▶ [Required work]
Skip the images and return the records below exactly.

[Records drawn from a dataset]
**********

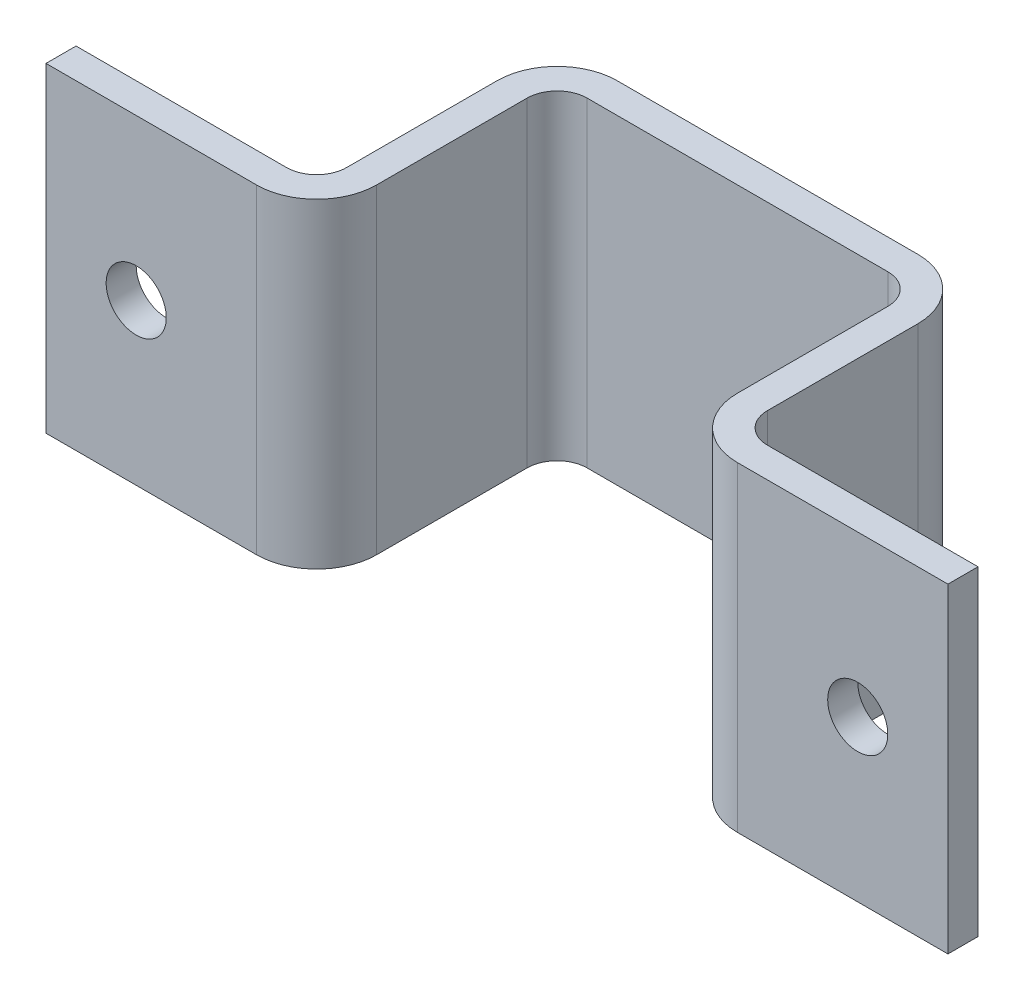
from build123d import *

# Parameters (mm, degrees)
EXTRUDE_THIN1_DEPTH = 26.63484833
SKETCH3_R           = 5
CUT_EXTRUDE1_DEPTH  = 90.075334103
LPATTERN1_COUNT     = 2
LPATTERN1_PITCH     = 120


with BuildPart() as part:
    # Sketch2 → Extrude-Thin1 (new, symmetric)
    with BuildSketch(Plane(origin=(0, 0, 0), x_dir=(1, 0, 0), z_dir=(0, 1, 0))):
        with BuildLine():
            Line((-75, 0), (-40, 0))
            ThreePointArc((-40, 0), (-32.928932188, 2.928932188), (-30, 10))
            Line((-30, 10), (-30, 35))
            ThreePointArc((-30, 35), (-28.535533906, 38.535533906), (-25, 40))
            Line((-25, 40), (25, 40))
            ThreePointArc((25, 40), (28.535533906, 38.535533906), (30, 35))
            Line((30, 35), (30, 10))
            ThreePointArc((30, 10), (32.928932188, 2.928932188), (40, 0))
            Line((40, 0), (75, 0))
            Line((75, 0), (75, 5))
            Line((75, 5), (40, 5))
            ThreePointArc((40, 5), (36.464466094, 6.464466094), (35, 10))
            Line((35, 10), (35, 35))
            ThreePointArc((35, 35), (32.071067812, 42.071067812), (25, 45))
            Line((25, 45), (-25, 45))
            ThreePointArc((-25, 45), (-32.071067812, 42.071067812), (-35, 35))
            Line((-35, 35), (-35, 10))
            ThreePointArc((-35, 10), (-36.464466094, 6.464466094), (-40, 5))
            Line((-40, 5), (-75, 5))
            Line((-75, 5), (-75, 0))
        make_face()
    extrude(amount=EXTRUDE_THIN1_DEPTH, both=True)

    # Sketch3 → Cut-Extrude1 (cut, through all)
    with BuildSketch(Plane(origin=(0, 0, -5), x_dir=(-1, 0, 0), z_dir=(0, 0, -1))):
        with Locations((60, 0)):
            Circle(SKETCH3_R)
    cut_extrude1 = extrude(amount=-CUT_EXTRUDE1_DEPTH, mode=Mode.SUBTRACT)

    # LPattern1: Cut-Extrude1 ×2
    with Locations(*[(i * LPATTERN1_PITCH, 0, 0) for i in range(1, LPATTERN1_COUNT)]):
        add(cut_extrude1, mode=Mode.SUBTRACT)


solid = part.part

**********

▶ [Solution for this exercise]
from build123d import *

# Parameters (mm, degrees)
EXTRUDE_THIN1_DEPTH = 26.63484833
SKETCH3_R           = 5
CUT_EXTRUDE1_DEPTH  = 90.075334103
LPATTERN1_COUNT     = 2
LPATTERN1_PITCH     = 120


with BuildPart() as part:
    # Sketch2 → Extrude-Thin1 (new, symmetric)
    with BuildSketch(Plane(origin=(0, 0, 0), x_dir=(1, 0, 0), z_dir=(0, 1, 0))):
        with BuildLine():
            Line((-75, 0), (-40, 0))
            ThreePointArc((-40, 0), (-32.928932188, 2.928932188), (-30, 10))
            Line((-30, 10), (-30, 35))
            ThreePointArc((-30, 35), (-28.535533906, 38.535533906), (-25, 40))
            Line((-25, 40), (25, 40))
            ThreePointArc((25, 40), (28.535533906, 38.535533906), (30, 35))
            Line((30, 35), (30, 10))
            ThreePointArc((30, 10), (32.928932188, 2.928932188), (40, 0))
            Line((40, 0), (75, 0))
            Line((75, 0), (75, 5))
            Line((75, 5), (40, 5))
            ThreePointArc((40, 5), (36.464466094, 6.464466094), (35, 10))
            Line((35, 10), (35, 35))
            ThreePointArc((35, 35), (32.071067812, 42.071067812), (25, 45))
            Line((25, 45), (-25, 45))
            ThreePointArc((-25, 45), (-32.071067812, 42.071067812), (-35, 35))
            Line((-35, 35), (-35, 10))
            ThreePointArc((-35, 10), (-36.464466094, 6.464466094), (-40, 5))
            Line((-40, 5), (-75, 5))
            Line((-75, 5), (-75, 0))
        make_face()
    extrude(amount=EXTRUDE_THIN1_DEPTH, both=True)

    # Sketch3 → Cut-Extrude1 (cut, through all)
    with BuildSketch(Plane(origin=(0, 0, -5), x_dir=(-1, 0, 0), z_dir=(0, 0, -1))):
        with Locations((60, 0)):
            Circle(SKETCH3_R)
    cut_extrude1 = extrude(amount=-CUT_EXTRUDE1_DEPTH, mode=Mode.SUBTRACT)

    # LPattern1: Cut-Extrude1 ×2
    with Locations(*[(i * LPATTERN1_PITCH, 0, 0) for i in range(1, LPATTERN1_COUNT)]):
        add(cut_extrude1, mode=Mode.SUBTRACT)


solid = part.part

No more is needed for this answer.